Et tu danses

Gabriel était incontestablement quelqu'un de physique. Tout le monde en convenait, y compris Dieu quand il pensait à la boule d'énergie qu'était le quatrième des Archanges.

La grande majorité des habitants du Paradis pensait que son agitation constante lui venait des quantités horrifiantes de sucre qu'il ingurgitait quotidiennement. Ses trois frères aînés pensaient juste qu'il était hyperactif de naissance.

Gabriel savait que son excitation perpétuelle était provoquée par ses ressentis.

Le monde l'agressait. En permanence. Où qu'il aille, quoi qu'il fasse, le monde l'assaillait constamment, lui rentrant par tous les pores de la peau, l'ensevelissant sous sa simple existence, faisant jaillir en lui sans trêve des émotions qui s'empilaient à une telle vitesse qu'il voulait hurler pour les expulser le plus vite possible.

Il aurait pu devenir un agité chronique, incapable de faire autre chose que de hurler toute la journée pour évacuer l'énergie qui ne voulait pas cesser d'affluer dans son corps. A la place, il avait trouvé un autre moyen.

Un jour, Lucifer était rentré chez lui et avait eu le traumatisme de sa vie en découvrant son petit frère âgé de huit ans qui se trémoussait dans le salon sur une musique de sauvage, sans rien d'autre sur la peau que sa culotte.

« Gabriel ! Au nom de Papa, qu'est-ce que tu fais ? »

Sans cesser de se tortiller, le mioche avait lâché :

« Je fais taire le monde. »

Forcément, Lucifer avait traîné son protégé chez Raphaël tout de suite après l'affaire.

« Alors, tu t'es mis en slip pour danser au beau milieu du salon » avait résumé le guérisseur. « Tu veux bien m'expliquer pourquoi ? »

Gabriel avait haussé une épaule.

« Il fallait que je le fasse. Sinon, j'aurais explosé. »

La consultation s'était arrêtée sur ces mots. Pour le gardien paniqué – Raphaël, dis-moi s'il faut qu'il suive une thérapie – l'Archange à la peau brune avait tout simplement dit :

« Laisse faire. Tant que ça ne casse rien ! »

L'argument avait touché en plein dans le mille, et Lucifer avait laissé son petit frère danser quand l'envie lui en prenait. Même s'il le harcelait pour qu'il ne fasse pas ça pratiquement nu.

De loin, c'était le moyen préféré du quatrième des Archanges pour se vider l'esprit. Se concentrer sur chacun de ses mouvements. Essayer de devenir un courant marin, tout en fluidité et souplesse.

Curieusement, alors que Gabriel ne cessait pas de se casser la figure, de s'emmêler les ailes dans tout et n'importe quoi et de rentrer dans les gens ou dans les choses, il devenait d'une grâce remarquable quand il dansait.

Lorsqu'il était devenu un gardien, Castiel l'avait surpris à une occasion. L'enfant n'avait rien dit, se contentant d'observer son frère aîné.

« On dirait que ton corps va partir en miettes » avait-il déclaré après la séance.

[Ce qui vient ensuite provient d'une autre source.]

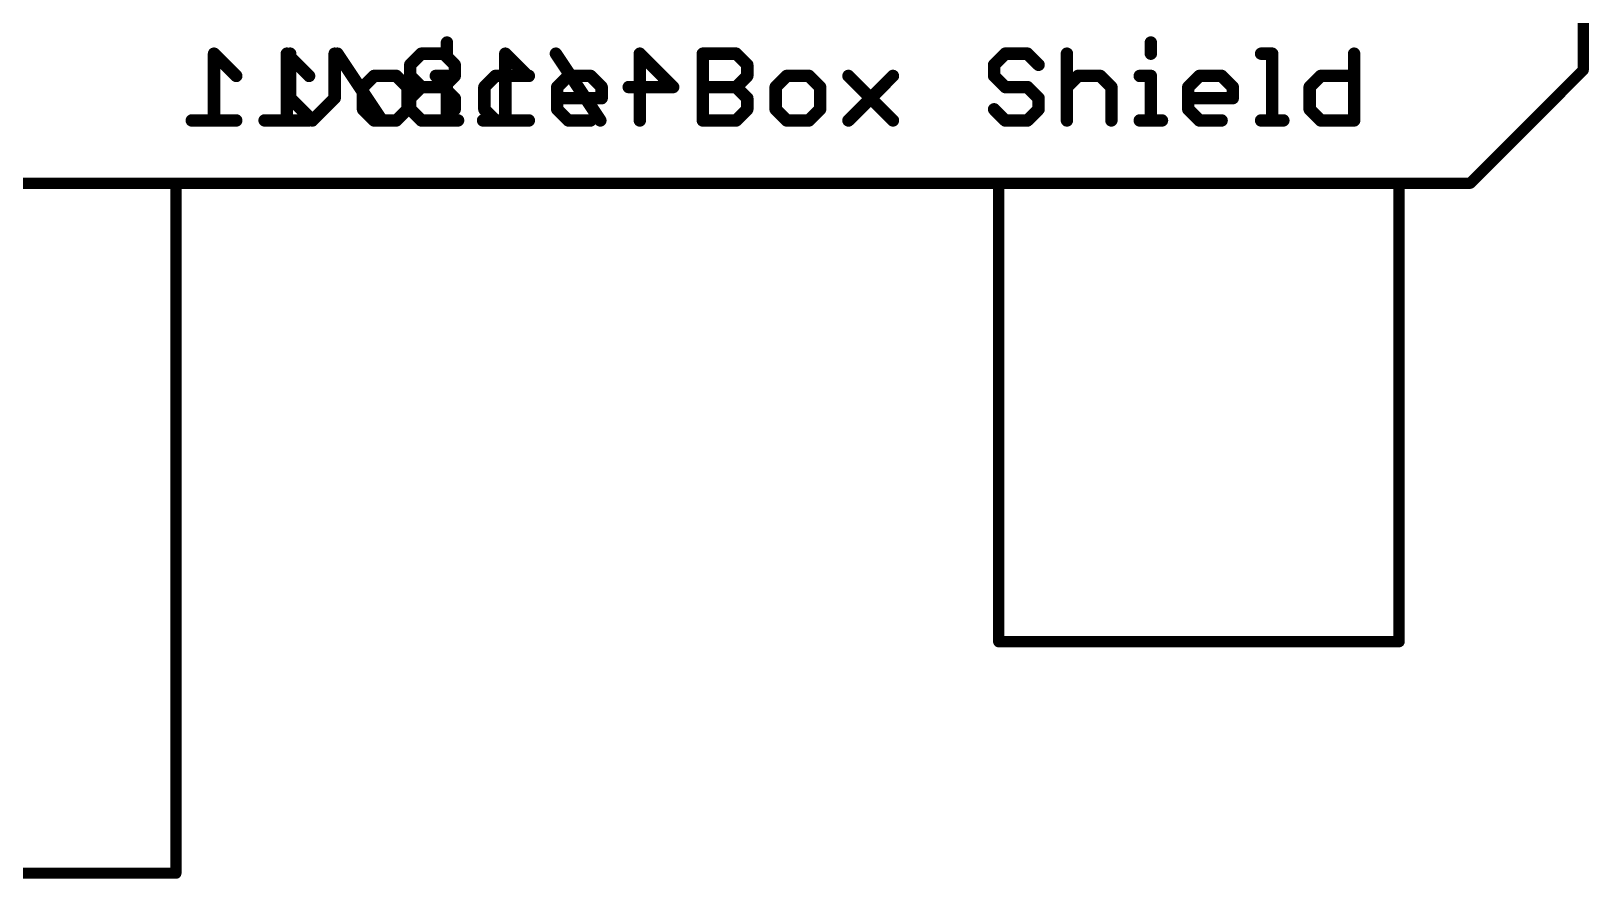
# Model space of a CAD drawing. Extents: x -0.1 to 53.5, y -15.6 to 62.5.
# Drawn here: x 18.45 to 53.47, y -15.63 to 3.41 of the extents above; entities that cross this region are included whole.
import ezdxf

# ---------------------------------------------------------------- set-up
doc = ezdxf.new("R2010")
doc.units = 0
for name, color, linetype in [('1', 12, 'CONTINUOUS'), ('16', 132, 'CONTINUOUS'), ('20', 53, 'CONTINUOUS'), ('21', 41, 'CONTINUOUS'), ('51', 53, 'CONTINUOUS')]:
    doc.layers.add(name, color=color, linetype=linetype)

msp = doc.modelspace()

# ---------------------------------------------------------------- linework, layer by layer
at = {"layer": '1', "const_width": 0.254}
for points in [[(53.34, 57.15), (53.34, 2.54)], [(53.34, 2.54), (50.8, 0)], [(50.8, 0), (2.54, 0)]]:
    msp.add_lwpolyline(points, dxfattribs=at)
at = {"layer": '1', "const_width": 0.127}
for points in [[(53.2765, 2.54, 1), (53.4035, 2.54)], [(53.3849, 2.4951, 1), (53.2951, 2.5849)], [(50.7551, 0.0449, 1), (50.8449, -0.0449)], [(50.8, -0.0635, 1), (50.8, 0.0635)]]:
    msp.add_lwpolyline(points, format="xyb", dxfattribs=at)
at = {"layer": '16'}
for points, const_width in [([(53.34, 57.15), (53.34, 2.54)], 0.254), ([(23.0574, 2.4096), (22.5574, 2.9096)], 0.2794), ([(22.5574, 2.9096), (22.5574, 1.4097)], 0.2794), ([(24.6945, 2.4096), (24.1946, 2.9096)], 0.2794), ([(24.1946, 2.9096), (24.1946, 1.4097)], 0.2794), ([(26.3317, 1.4097), (25.3318, 2.9096)], 0.2794), ([(27.2189, 2.9096), (26.9689, 2.6596)], 0.2794), ([(27.7189, 2.9096), (27.2189, 2.9096)], 0.2794), ([(27.9688, 2.6596), (27.7189, 2.9096)], 0.2794), ([(29.606, 2.4096), (29.106, 2.9096)], 0.2794), ([(29.106, 2.9096), (29.106, 1.4097)], 0.2794), ([(31.2431, 1.4097), (30.2432, 2.9096)], 0.2794), ([(32.1304, 1.4097), (32.1304, 2.9096)], 0.2794), ([(32.1304, 2.9096), (32.8803, 2.1596)], 0.2794), ([(26.9689, 2.6596), (26.9689, 2.4096)], 0.2794), ([(26.9689, 2.4096), (27.2189, 2.1596)], 0.2794), ([(27.7189, 2.1596), (27.9688, 2.4096)], 0.2794), ([(27.9688, 2.4096), (27.9688, 2.6596)], 0.2794), ([(53.34, 2.54), (50.8, 0)], 0.254), ([(27.2189, 2.1596), (26.9689, 1.9097)], 0.2794), ([(27.7189, 2.1596), (27.2189, 2.1596)], 0.2794), ([(27.9688, 1.9097), (27.7189, 2.1596)], 0.2794), ([(32.8803, 2.1596), (31.8804, 2.1596)], 0.2794), ([(26.9689, 1.9097), (26.9689, 1.6597)], 0.2794), ([(26.9689, 1.6597), (27.2189, 1.4097)], 0.2794), ([(27.7189, 1.4097), (27.9688, 1.6597)], 0.2794), ([(27.9688, 1.6597), (27.9688, 1.9097)], 0.2794), ([(23.0574, 1.4097), (22.0574, 1.4097)], 0.2794), ([(24.6945, 1.4097), (23.6946, 1.4097)], 0.2794), ([(27.2189, 1.4097), (27.7189, 1.4097)], 0.2794), ([(29.606, 1.4097), (28.6061, 1.4097)], 0.2794), ([(50.8, 0), (2.54, 0)], 0.254)]:
    msp.add_lwpolyline(points, dxfattribs=dict(at, const_width=const_width))
for points, const_width in [([(22.6068, 2.959, 1), (22.508, 2.8602)], 0.1397), ([(22.6273, 2.9096, 1), (22.4876, 2.9096)], 0.1397), ([(24.244, 2.959, 1), (24.1452, 2.8602)], 0.1397), ([(24.2644, 2.9096, 1), (24.1247, 2.9096)], 0.1397), ([(25.3899, 2.9483, 1), (25.2736, 2.8708)], 0.1397), ([(27.2189, 2.9794, 1), (27.2189, 2.8397)], 0.1397), ([(27.2683, 2.8602, 1), (27.1695, 2.959)], 0.1397), ([(27.7682, 2.959, 1), (27.6695, 2.8602)], 0.1397), ([(27.7189, 2.8397, 1), (27.7189, 2.9794)], 0.1397), ([(29.1554, 2.959, 1), (29.0566, 2.8602)], 0.1397), ([(29.1759, 2.9096, 1), (29.0362, 2.9096)], 0.1397), ([(30.3013, 2.9483, 1), (30.1851, 2.8708)], 0.1397), ([(32.2002, 2.9096, 1), (32.0605, 2.9096)], 0.1397), ([(32.1798, 2.959, 1), (32.081, 2.8602)], 0.1397), ([(23.008, 2.3602, 1), (23.1068, 2.459)], 0.1397), ([(24.6451, 2.3602, 1), (24.7439, 2.459)], 0.1397), ([(26.9195, 2.709, 1), (27.0183, 2.6102)], 0.1397), ([(27.0183, 2.459, 1), (26.9195, 2.3602)], 0.1397), ([(27.0388, 2.6596, 1), (26.8991, 2.6596)], 0.1397), ([(26.8991, 2.4096, 1), (27.0388, 2.4096)], 0.1397), ([(28.0387, 2.6596, 1), (27.899, 2.6596)], 0.1397), ([(27.899, 2.4096, 1), (28.0387, 2.4096)], 0.1397), ([(27.9194, 2.6102, 1), (28.0182, 2.709)], 0.1397), ([(28.0182, 2.3602, 1), (27.9194, 2.459)], 0.1397), ([(29.5566, 2.3602, 1), (29.6554, 2.459)], 0.1397), ([(53.2765, 2.54, 1), (53.4035, 2.54)], 0.127), ([(53.3849, 2.4951, 1), (53.2951, 2.5849)], 0.127), ([(27.2189, 2.2295, 1), (27.2189, 2.0898)], 0.1397), ([(27.2683, 2.1102, 1), (27.1695, 2.209)], 0.1397), ([(27.1695, 2.1102, 1), (27.2683, 2.209)], 0.1397), ([(27.7682, 2.209, 1), (27.6695, 2.1102)], 0.1397), ([(27.6695, 2.209, 1), (27.7682, 2.1102)], 0.1397), ([(27.7189, 2.0898, 1), (27.7189, 2.2295)], 0.1397), ([(31.8804, 2.2295, 1), (31.8804, 2.0898)], 0.1397), ([(32.8309, 2.1102, 1), (32.9297, 2.209)], 0.1397), ([(32.8803, 2.0898, 1), (32.8803, 2.2295)], 0.1397), ([(26.9195, 1.9591, 1), (27.0183, 1.8603)], 0.1397), ([(27.0183, 1.7091, 1), (26.9195, 1.6103)], 0.1397), ([(27.0388, 1.9097, 1), (26.8991, 1.9097)], 0.1397), ([(28.0387, 1.9097, 1), (27.899, 1.9097)], 0.1397), ([(27.9194, 1.8603, 1), (28.0182, 1.9591)], 0.1397), ([(28.0182, 1.6103, 1), (27.9194, 1.7091)], 0.1397), ([(22.0574, 1.4796, 1), (22.0574, 1.3399)], 0.1397), ([(22.4876, 1.4097, 1), (22.6273, 1.4097)], 0.1397), ([(23.0574, 1.3399, 1), (23.0574, 1.4796)], 0.1397), ([(23.6946, 1.4796, 1), (23.6946, 1.3399)], 0.1397), ([(24.1247, 1.4097, 1), (24.2644, 1.4097)], 0.1397), ([(24.6945, 1.3399, 1), (24.6945, 1.4796)], 0.1397), ([(26.2736, 1.371, 1), (26.3898, 1.4484)], 0.1397), ([(26.8991, 1.6597, 1), (27.0388, 1.6597)], 0.1397), ([(27.2189, 1.4796, 1), (27.2189, 1.3399)], 0.1397), ([(27.1695, 1.3603, 1), (27.2683, 1.4591)], 0.1397), ([(27.6695, 1.4591, 1), (27.7682, 1.3603)], 0.1397), ([(27.7189, 1.3399, 1), (27.7189, 1.4796)], 0.1397), ([(27.899, 1.6597, 1), (28.0387, 1.6597)], 0.1397), ([(28.6061, 1.4796, 1), (28.6061, 1.3399)], 0.1397), ([(29.0362, 1.4097, 1), (29.1759, 1.4097)], 0.1397), ([(29.606, 1.3399, 1), (29.606, 1.4796)], 0.1397), ([(31.185, 1.371, 1), (31.3013, 1.4484)], 0.1397), ([(32.0605, 1.4097, 1), (32.2002, 1.4097)], 0.1397), ([(50.7551, 0.0449, 1), (50.8449, -0.0449)], 0.127), ([(50.8, -0.0635, 1), (50.8, 0.0635)], 0.127)]:
    msp.add_lwpolyline(points, format="xyb", dxfattribs=dict(at, const_width=const_width))
at = {"layer": '20', "const_width": 0.254}
for points in [[(53.34, 57.15), (53.34, 2.54)], [(53.34, 2.54), (50.8, 0)], [(50.8, 0), (2.54, 0)]]:
    msp.add_lwpolyline(points, dxfattribs=at)
at = {"layer": '20', "const_width": 0.127}
for points in [[(53.2765, 2.54, 1), (53.4035, 2.54)], [(53.3849, 2.4951, 1), (53.2951, 2.5849)], [(50.7551, 0.0449, 1), (50.8449, -0.0449)], [(50.8, -0.0635, 1), (50.8, 0.0635)]]:
    msp.add_lwpolyline(points, format="xyb", dxfattribs=at)
at = {"layer": '21', "const_width": 0.2794}
for points in [[(27.794, 3.1596), (27.794, 2.9096)], [(43.6198, 3.1596), (43.6198, 2.9096)], [(24.2697, 2.9096), (24.2697, 1.9097)], [(25.2696, 1.9097), (25.2696, 2.9096)], [(33.5469, 1.4097), (33.5469, 2.9096)], [(33.5469, 2.9096), (34.2969, 2.9096)], [(34.2969, 2.9096), (34.5468, 2.6596)], [(40.3455, 2.9096), (40.0955, 2.6596)], [(40.8455, 2.9096), (40.3455, 2.9096)], [(41.0955, 2.6596), (40.8455, 2.9096)], [(41.7327, 2.9096), (41.7327, 1.4097)], [(46.0984, 2.9096), (46.3484, 2.9096)], [(46.3484, 2.9096), (46.3484, 1.4097)], [(48.1898, 2.9096), (48.1898, 1.4097)], [(26.1568, 2.4096), (25.9069, 2.1596)], [(26.6568, 2.4096), (26.1568, 2.4096)], [(26.9068, 2.1596), (26.6568, 2.4096)], [(27.544, 2.4096), (27.794, 2.4096)], [(27.794, 2.4096), (27.794, 1.4097)], [(28.8854, 2.4096), (28.6355, 2.1596)], [(29.6354, 2.4096), (28.8854, 2.4096)], [(30.2726, 2.1596), (30.5226, 2.4096)], [(30.5226, 2.4096), (31.0225, 2.4096)], [(31.0225, 2.4096), (31.2725, 2.1596)], [(34.5468, 2.4096), (34.2969, 2.1596)], [(34.5468, 2.6596), (34.5468, 2.4096)], [(35.4341, 2.4096), (35.1841, 2.1596)], [(35.934, 2.4096), (35.4341, 2.4096)], [(36.184, 2.1596), (35.934, 2.4096)], [(36.8212, 2.4096), (37.8212, 1.4097)], [(36.8212, 1.4097), (37.8212, 2.4096)], [(40.0955, 2.6596), (40.0955, 2.4096)], [(40.0955, 2.4096), (40.3455, 2.1596)], [(41.7327, 2.1596), (41.9827, 2.4096)], [(41.9827, 2.4096), (42.4826, 2.4096)], [(42.4826, 2.4096), (42.7326, 2.1596)], [(43.3699, 2.4096), (43.6198, 2.4096)], [(43.6198, 2.4096), (43.6198, 1.4097)], [(44.4613, 2.1596), (44.7113, 2.4096)], [(44.7113, 2.4096), (45.2112, 2.4096)], [(45.2112, 2.4096), (45.4612, 2.1596)], [(47.1899, 2.1596), (47.4399, 2.4096)], [(47.4399, 2.4096), (48.1898, 2.4096)], [(25.9069, 2.1596), (25.9069, 1.6597)], [(26.9068, 1.6597), (26.9068, 2.1596)], [(28.6355, 2.1596), (28.6355, 1.6597)], [(30.2726, 1.6597), (30.2726, 2.1596)], [(31.2725, 2.1596), (31.2725, 1.9097)], [(33.5469, 2.1596), (34.2969, 2.1596)], [(34.2969, 2.1596), (34.5468, 1.9097)], [(35.1841, 2.1596), (35.1841, 1.6597)], [(36.184, 1.6597), (36.184, 2.1596)], [(40.3455, 2.1596), (40.8455, 2.1596)], [(40.8455, 2.1596), (41.0955, 1.9097)], [(42.7326, 2.1596), (42.7326, 1.4097)], [(44.4613, 1.6597), (44.4613, 2.1596)], [(45.4612, 2.1596), (45.4612, 1.9097)], [(47.1899, 1.6597), (47.1899, 2.1596)], [(24.2697, 1.9097), (24.7697, 1.4097)], [(24.7697, 1.4097), (25.2696, 1.9097)], [(25.9069, 1.6597), (26.1568, 1.4097)], [(26.6568, 1.4097), (26.9068, 1.6597)], [(28.6355, 1.6597), (28.8854, 1.4097)], [(31.2725, 1.9097), (30.2726, 1.9097)], [(30.5226, 1.4097), (30.2726, 1.6597)], [(34.5468, 1.6597), (34.2969, 1.4097)], [(34.5468, 1.9097), (34.5468, 1.6597)], [(35.1841, 1.6597), (35.4341, 1.4097)], [(35.934, 1.4097), (36.184, 1.6597)], [(40.3455, 1.4097), (40.0955, 1.6597)], [(41.0955, 1.6597), (40.8455, 1.4097)], [(41.0955, 1.9097), (41.0955, 1.6597)], [(45.4612, 1.9097), (44.4613, 1.9097)], [(44.7113, 1.4097), (44.4613, 1.6597)], [(47.4399, 1.4097), (47.1899, 1.6597)], [(26.1568, 1.4097), (26.6568, 1.4097)], [(27.544, 1.4097), (28.044, 1.4097)], [(28.8854, 1.4097), (29.6354, 1.4097)], [(31.0225, 1.4097), (30.5226, 1.4097)], [(34.2969, 1.4097), (33.5469, 1.4097)], [(35.4341, 1.4097), (35.934, 1.4097)], [(40.8455, 1.4097), (40.3455, 1.4097)], [(43.3699, 1.4097), (43.8698, 1.4097)], [(45.2112, 1.4097), (44.7113, 1.4097)], [(46.0984, 1.4097), (46.5984, 1.4097)], [(48.1898, 1.4097), (47.4399, 1.4097)]]:
    msp.add_lwpolyline(points, dxfattribs=at)
at = {"layer": '21', "const_width": 0.1397}
for points in [[(27.8638, 3.1596, 1), (27.7241, 3.1596)], [(43.6897, 3.1596, 1), (43.55, 3.1596)], [(24.3395, 2.9096, 1), (24.1999, 2.9096)], [(25.3395, 2.9096, 1), (25.1998, 2.9096)], [(27.7241, 2.9096, 1), (27.8638, 2.9096)], [(33.6168, 2.9096, 1), (33.4771, 2.9096)], [(33.5469, 2.9794, 1), (33.5469, 2.8397)], [(34.3463, 2.959, 1), (34.2475, 2.8602)], [(34.2969, 2.8397, 1), (34.2969, 2.9794)], [(40.3455, 2.9794, 1), (40.3455, 2.8397)], [(40.3949, 2.8602, 1), (40.2961, 2.959)], [(40.8949, 2.959, 1), (40.7961, 2.8602)], [(40.8455, 2.8397, 1), (40.8455, 2.9794)], [(41.8026, 2.9096, 1), (41.6628, 2.9096)], [(43.55, 2.9096, 1), (43.6897, 2.9096)], [(46.0984, 2.9794, 1), (46.0984, 2.8397)], [(46.4183, 2.9096, 1), (46.2786, 2.9096)], [(46.3484, 2.8397, 1), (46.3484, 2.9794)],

« C'est parce qu'il a beaucoup de choses à exprimer, minouche. Quand je danse, c'est la façon qu'a mon corps de crier ce qu'il a besoin de dire. »

Par la suite, Castiel avait toujours réussi à trouver un moyen ou un autre d'espionner Gabriel quand celui-ci se mettait à danser.

Longtemps après, en repensant à ce corps gracile agité par des sentiments plus que puissants, Castiel se disait que Gabriel méritait réellement son titre de Messager, celui qui transmet l'information, celui qui est plongé dans la communication.

Car le corps de l'Archange criait bel et bien pendant la danse, et le message était tout sauf tendre.

Le corps de Gabriel criait la beauté, l'intensité, la violence inhérente à la vie, au monde, à la Création même.

Le corps de Gabriel criait sans mots, un cri interminable, insoutenable, inoubliable. Un cri magnifique, passionné et vivant, d'une vie telle que le reste du monde en apparaissait mort par contraste.

Le corps de Gabriel criait ce qui ne pouvait pas être dit.

Un jour, l'Archange aux cheveux roux avait trouvé Castiel en caleçon dans sa chambre, se déhanchant maladroitement dans tous les sens.

« Je peux savoir ce que tu me fais, là ? »

Concentré de toutes ses forces, l'enfant avait néanmoins pris la peine de répondre.

« Je fais comme toi. Je parle sans rien dire. »

Gabriel avait souri.

« Il faut encore que tu travailles sur la chose, mais ne te décourage pas, bonhomme. »

Le front plissé par l'effort, Castiel n'avait pas semblé entendre.